Every entry should be duplicated verbatim, and no picture may appear in the copy.

BEGIN Entries shown

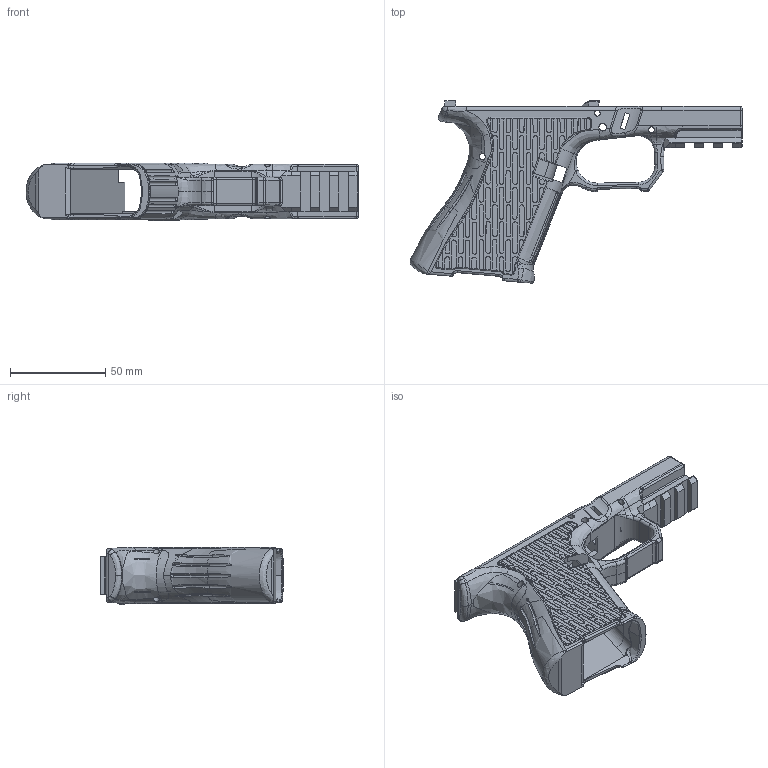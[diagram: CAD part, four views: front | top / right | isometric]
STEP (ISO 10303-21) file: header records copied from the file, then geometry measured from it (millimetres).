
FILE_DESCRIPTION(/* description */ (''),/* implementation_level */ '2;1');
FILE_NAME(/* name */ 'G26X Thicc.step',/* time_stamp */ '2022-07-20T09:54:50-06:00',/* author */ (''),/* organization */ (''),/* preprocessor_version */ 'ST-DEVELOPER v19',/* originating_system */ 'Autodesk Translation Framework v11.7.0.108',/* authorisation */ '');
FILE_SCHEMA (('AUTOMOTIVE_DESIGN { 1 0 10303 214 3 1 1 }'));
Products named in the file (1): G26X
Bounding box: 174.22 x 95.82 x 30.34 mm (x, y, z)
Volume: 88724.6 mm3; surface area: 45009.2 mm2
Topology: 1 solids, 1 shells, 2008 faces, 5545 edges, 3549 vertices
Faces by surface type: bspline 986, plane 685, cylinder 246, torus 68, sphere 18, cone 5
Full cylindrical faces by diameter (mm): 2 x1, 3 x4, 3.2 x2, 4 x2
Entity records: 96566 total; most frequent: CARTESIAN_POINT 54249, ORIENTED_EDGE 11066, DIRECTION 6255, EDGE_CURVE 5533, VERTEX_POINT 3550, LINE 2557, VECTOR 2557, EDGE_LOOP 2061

END Entries shown

§ Final answer
[diagram: CAD part, four views: front | top / right | isometric]
STEP (ISO 10303-21) file: header records copied from the file, then geometry measured from it (millimetres).
FILE_DESCRIPTION(/* description */ (''),/* implementation_level */ '2;1');
FILE_NAME(/* name */ 'G26X Thicc.step',/* time_stamp */ '2022-07-20T09:54:50-06:00',/* author */ (''),/* organization */ (''),/* preprocessor_version */ 'ST-DEVELOPER v19',/* originating_system */ 'Autodesk Translation Framework v11.7.0.108',/* authorisation */ '');
FILE_SCHEMA (('AUTOMOTIVE_DESIGN { 1 0 10303 214 3 1 1 }'));
Products named in the file (1): G26X
Bounding box: 174.22 x 95.82 x 30.34 mm (x, y, z)
Volume: 88724.6 mm3; surface area: 45009.2 mm2
Topology: 1 solids, 1 shells, 2008 faces, 5545 edges, 3549 vertices
Faces by surface type: bspline 986, plane 685, cylinder 246, torus 68, sphere 18, cone 5
Full cylindrical faces by diameter (mm): 2 x1, 3 x4, 3.2 x2, 4 x2
Entity records: 96566 total; most frequent: CARTESIAN_POINT 54249, ORIENTED_EDGE 11066, DIRECTION 6255, EDGE_CURVE 5533, VERTEX_POINT 3550, LINE 2557, VECTOR 2557, EDGE_LOOP 2061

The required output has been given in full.